Merkabah - 'Million Miles'
(10 de novembro de 2017, Instant Classic)
Hoje é a vez da maravilhosa banda polaca MERKABAH e do seu novo álbum “Million Miles”, o terceiro álbum de estúdio da sua carreira fonográfica que foi lançado no mercado em meados de Novembro passado de 2017, através da editora Instant Classic. O grupo é formado pelos instrumentistas Gabriel Orłowski [guitarra elétrica e lap steel, sintetizador], Aleksander Pawłowicz [baixo], Kuba Sokólski [bateria, efeitos eletrônicos] e Rafał Wawszkiewicz [saxofone, lap steel guitar e sintetizador], além do artista visual Adrien Cognac. O álbum que temos nas mãos mostra-nos uma banda que continua a explorar as múltiplas e imprevisíveis possibilidades que se abrem quando os discursos e modelos do avant-jazz, do metal experimental, do space-rock e da psicodelia progressiva se fundem. Três anos se passaram desde que o álbum anterior do grupo, intitulado “Moloch”, foi lançado e conseguiu chamar a atenção em redes especializadas na divulgação de jazz, metal e rock progressivo. Portador de uma música inteligente e autoritária que exibe de forma solvente vários tipos de arquitetura sonora em sua proposta abrangente, o material encontrado em “Million Miles” não é adequado para os fracos de coração e não é de todo recomendado para ouvidos progressistas, especialmente sujeitos ao padrões do puramente sinfônico... mas é melhor passarmos aos detalhes do álbum em questão, certo?

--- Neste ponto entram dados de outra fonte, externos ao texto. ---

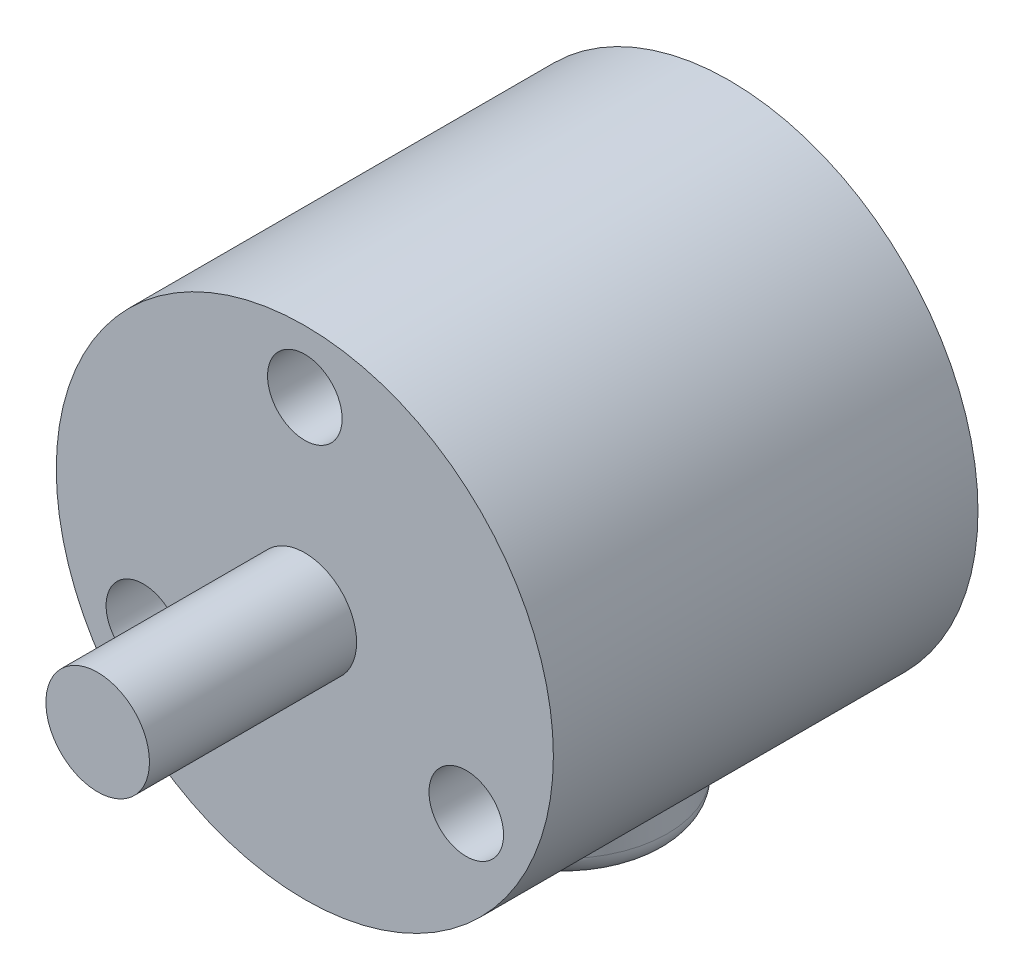
ISO-10303-21;
HEADER;
FILE_DESCRIPTION(('STEP AP214'),'2;1');
FILE_NAME('part.step','',(''),(''),'','','');
FILE_SCHEMA(('AUTOMOTIVE_DESIGN { 1 0 10303 214 1 1 1 1 }'));
ENDSEC;
DATA;
#1=APPLICATION_CONTEXT('core data for automotive mechanical design processes');
#2=APPLICATION_PROTOCOL_DEFINITION('international standard','automotive_design',2000,#1);
#3=PRODUCT_CONTEXT('',#1,'mechanical');
#4=PRODUCT('Part','Part','',(#3));
#5=PRODUCT_RELATED_PRODUCT_CATEGORY('part','',(#4));
#6=PRODUCT_DEFINITION_FORMATION('','',#4);
#7=PRODUCT_DEFINITION_CONTEXT('part definition',#1,'design');
#8=PRODUCT_DEFINITION('design','',#6,#7);
#9=PRODUCT_DEFINITION_SHAPE('','',#8);
#10=(LENGTH_UNIT() NAMED_UNIT(*) SI_UNIT(.MILLI.,.METRE.));
#11=(NAMED_UNIT(*) PLANE_ANGLE_UNIT() SI_UNIT($,.RADIAN.));
#12=(NAMED_UNIT(*) SI_UNIT($,.STERADIAN.) SOLID_ANGLE_UNIT());
#13=UNCERTAINTY_MEASURE_WITH_UNIT(LENGTH_MEASURE(1.E-05),#10,'distance_accuracy_value','');
#14=(GEOMETRIC_REPRESENTATION_CONTEXT(3) GLOBAL_UNCERTAINTY_ASSIGNED_CONTEXT((#13)) GLOBAL_UNIT_ASSIGNED_CONTEXT((#10,
#11,#12)) REPRESENTATION_CONTEXT('',''));
#15=CARTESIAN_POINT('',(0.,0.,0.));
#16=DIRECTION('',(0.,0.,1.));
#17=DIRECTION('',(1.,0.,0.));
#18=AXIS2_PLACEMENT_3D('',#15,#16,#17);
#19=CARTESIAN_POINT('',(0.,0.,20.5));
#20=DIRECTION('',(0.,0.,-1.));
#21=DIRECTION('',(-1.,0.,0.));
#22=AXIS2_PLACEMENT_3D('',#19,#20,#21);
#23=CYLINDRICAL_SURFACE('',#22,12.);
#24=CARTESIAN_POINT('',(0.,-12.,13.));
#25=CARTESIAN_POINT('',(0.133971202199808,-11.9999992729584,12.9999990914666));
#26=CARTESIAN_POINT('',(0.267987722487516,-11.9977503193947,12.9946081945841));
#27=CARTESIAN_POINT('',(0.535066499257948,-11.9888105832946,12.9730948474972));
#28=CARTESIAN_POINT('',(0.668128097998224,-11.9821169900031,12.956965606432));
#29=CARTESIAN_POINT('',(0.932528423558352,-11.9644464126044,12.9140981034186));
#30=CARTESIAN_POINT('',(1.06386304519886,-11.9534606492307,12.8873380952507));
#31=CARTESIAN_POINT('',(1.32363712069101,-11.927490817702,12.8234725282148));
#32=CARTESIAN_POINT('',(1.45207536803167,-11.9125051155232,12.7863627410574));
#33=CARTESIAN_POINT('',(1.70466599018599,-11.8789846295891,12.7023138952485));
#34=CARTESIAN_POINT('',(1.82883288573375,-11.8604636474237,12.6554129961059));
#35=CARTESIAN_POINT('',(2.07264264011727,-11.8202983493247,12.5521104896258));
#36=CARTESIAN_POINT('',(2.19228378684376,-11.7986528660016,12.4957053299424));
#37=CARTESIAN_POINT('',(2.54317702528674,-11.7298276864823,12.3129628809401));
#38=CARTESIAN_POINT('',(2.76673759984579,-11.6787121912958,12.1729849898133));
#39=CARTESIAN_POINT('',(3.19782871405717,-11.5683104696206,11.8534779348464));
#40=CARTESIAN_POINT('',(3.40415336067112,-11.5087569814803,11.672428921225));
#41=CARTESIAN_POINT('',(3.78465099990966,-11.3893017107102,11.2789084865618));
#42=CARTESIAN_POINT('',(3.95880706375339,-11.3293997617084,11.0664206260931));
#43=CARTESIAN_POINT('',(4.19642716763638,-11.2426693606487,10.722276329291));
#44=CARTESIAN_POINT('',(4.27318721758388,-11.213641472833,10.6001426427212));
#45=CARTESIAN_POINT('',(4.41607485285565,-11.158142646463,10.3492739587432));
#46=CARTESIAN_POINT('',(4.48220683770539,-11.1316706517088,10.2205417220864));
#47=CARTESIAN_POINT('',(4.60326824362323,-11.0821570819096,9.95727380138148));
#48=CARTESIAN_POINT('',(4.65819717388443,-11.0591156571702,9.82273786338529));
#49=CARTESIAN_POINT('',(4.75627631879271,-11.0172900479988,9.54886247889822));
#50=CARTESIAN_POINT('',(4.79943258893619,-10.9985036757451,9.40952554359407));
#51=CARTESIAN_POINT('',(4.87173603809854,-10.9666619504758,9.13380805072207));
#52=CARTESIAN_POINT('',(4.90145340480219,-10.9533759137281,8.99760365958737));
#53=CARTESIAN_POINT('',(4.94943501929704,-10.9317788095431,8.72286059838521));
#54=CARTESIAN_POINT('',(4.96770456006234,-10.9234654430414,8.58432303754408));
#55=CARTESIAN_POINT('',(4.9925806714702,-10.9121183161802,8.30602414623231));
#56=CARTESIAN_POINT('',(4.99919025060126,-10.9090831939376,8.16626314078902));
#57=CARTESIAN_POINT('',(5.00066965421038,-10.9084052474415,7.88666968828848));
#58=CARTESIAN_POINT('',(4.99554009665008,-10.9107621393462,7.74683724537919));
#59=CARTESIAN_POINT('',(4.97445537231527,-10.9203897344954,7.47901464805327));
#60=CARTESIAN_POINT('',(4.95936366570947,-10.9272683387031,7.35094126629261));
#61=CARTESIAN_POINT('',(4.91939456846064,-10.9453203456551,7.09659754142487));
#62=CARTESIAN_POINT('',(4.89451397815816,-10.9564951526574,6.97032780186761));
#63=CARTESIAN_POINT('',(4.83521901523602,-10.982791432776,6.72049574743192));
#64=CARTESIAN_POINT('',(4.80080681510625,-10.9979120065088,6.59693282252032));
#65=CARTESIAN_POINT('',(4.72276746407086,-11.0316484281794,6.353225711498));
#66=CARTESIAN_POINT('',(4.67913676011188,-11.0502656234987,6.23308286389346));
#67=CARTESIAN_POINT('',(4.53292198464472,-11.1114348958982,5.87391306752255));
#68=CARTESIAN_POINT('',(4.41623317355433,-11.1587355468125,5.64125821268693));
#69=CARTESIAN_POINT('',(4.14923538558579,-11.2607369782698,5.19804915238382));
#70=CARTESIAN_POINT('',(3.99891315023541,-11.315440673762,4.98750371078817));
#71=CARTESIAN_POINT('',(3.65399862437446,-11.4317164413063,4.57561717753678));
#72=CARTESIAN_POINT('',(3.4567386368719,-11.4934782659376,4.37655771261506));
#73=CARTESIAN_POINT('',(3.0308736497062,-11.6130335162842,4.01352200039607));
#74=CARTESIAN_POINT('',(2.80226132798022,-11.6708260102514,3.84955397136795));
#75=CARTESIAN_POINT('',(2.43728165238545,-11.750564458423,3.63188502116149));
#76=CARTESIAN_POINT('',(2.31032222862648,-11.7762436004382,3.56341446300228));
#77=CARTESIAN_POINT('',(2.05046026272765,-11.8242558878425,3.43749802283573));
#78=CARTESIAN_POINT('',(1.91756015985751,-11.8465903904629,3.38004766623415));
#79=CARTESIAN_POINT('',(1.64677309924856,-11.8872573475038,3.27674472498626));
#80=CARTESIAN_POINT('',(1.50888729966569,-11.9055907244947,3.23088946638133));
#81=CARTESIAN_POINT('',(1.22915368100483,-11.9377129809443,3.15125570058601));
#82=CARTESIAN_POINT('',(1.08730616375715,-11.951502205588,3.11747627606863));
#83=CARTESIAN_POINT('',(0.809887683545695,-11.9733956498248,3.06413586262167));
#84=CARTESIAN_POINT('',(0.674487262769715,-11.981804303078,3.04381063945912));
#85=CARTESIAN_POINT('',(0.402272400346696,-11.9940291261992,3.01432893966274));
#86=CARTESIAN_POINT('',(0.26545803644642,-11.9978455472339,3.00517185220077));
#87=CARTESIAN_POINT('',(-0.00847703491070739,-12.0007785959499,2.99813065484733));
#88=CARTESIAN_POINT('',(-0.145597660207647,-11.9998963609136,3.00024381705729));
#89=CARTESIAN_POINT('',(-0.419090564387011,-11.993459536273,3.01571255277727));
#90=CARTESIAN_POINT('',(-0.555462859843409,-11.9879050505733,3.02906787627665));
#91=CARTESIAN_POINT('',(-0.819630607320878,-11.9726701367381,3.06592509226874));
#92=CARTESIAN_POINT('',(-0.94751451423134,-11.9632093877852,3.08888750454916));
#93=CARTESIAN_POINT('',(-1.20082196325612,-11.940444106674,3.14460593564766));
#94=CARTESIAN_POINT('',(-1.3262446899797,-11.9271383228689,3.17736514366791));
#95=CARTESIAN_POINT('',(-1.57375204172412,-11.8970094891313,3.25236741168871));
#96=CARTESIAN_POINT('',(-1.69583759693526,-11.8801874308528,3.29460779807032));
#97=CARTESIAN_POINT('',(-1.93599084783536,-11.8434257462031,3.38821332811291));
#98=CARTESIAN_POINT('',(-2.05405699265853,-11.8234849327137,3.43958194734866));
#99=CARTESIAN_POINT('',(-2.40829498205295,-11.758346790855,3.61023048200071));
#100=CARTESIAN_POINT('',(-2.63698994915988,-11.7087843162294,3.74377555233129));
#101=CARTESIAN_POINT('',(-3.06942387949653,-11.6029475237576,4.04423069860453));
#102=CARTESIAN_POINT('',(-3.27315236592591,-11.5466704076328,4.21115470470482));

Os primeiros 7 ¼ minutos do álbum são ocupados por 'Solar Surfer', uma música que depois de um prólogo com um tenor extremamente perturbador, abre caminho para um turbilhão de delírios contundentes e absorventes. A vitalidade da engenharia da complexa estrutura rítmica e os sólidos ornamentos do saxofone permitem que o trabalho frontal dos guitarristas seja enriquecido com nuances interessantes. Há algumas mudanças no sentido de climas mais contidos, mas não são caminhos para a paz, mas sim recursos de diversidade atmosférica. Que ótimo tópico, pelo amor de Deus! Segue-se 'A Letter Of Marque' para aprofundar esta estratégia musical e dar-lhe novos ares de robustez contundente assentes numa gestão mais sofisticada da persistente vitalidade neurótica que constitui a essência central do grupo. Há aqui um grande cruzamento entre PANZERZAPPA e SHINING, incluindo alguns elementos Crimsonianos típicos da fase 2000-03. O grupo está pronto para expandir suas preocupações mais luxuosas com a peça 'Zheng Zhilong', que dura 12 minutos e meio... e já estamos percebendo que muitas peças do álbum têm um prólogo cósmico. A magnífica estrutura sonora de 'Zheng Zhilong' começa com um extenso prólogo carregando um minimalismo empíreo onde o celestial e o inescrutável se fundem num único impulso sonoro. Assim, prepara-se o terreno para a posterior emergência do corpo central, que apresenta um conjunto de cadências que permite à sobriedade regular as doses de tensão emocional e mistério inseridas na paisagem sonora em curso. Tudo o que foi esmagador em qualquer um dos temas anteriores é aqui reunido sob coordenadas mais calibradas, o que reduz um pouco (só um pouquinho) o predomínio dos tempestuosos. Uma segunda seção se projeta bruscamente em direção a um novo atalho da neurose robusta, a mesma que tem algo de festivo: com isso, o ouvinte empático obtém uma ideia mais ou menos definitiva do que esse grupo entende especificamente como recurso de luminosidade.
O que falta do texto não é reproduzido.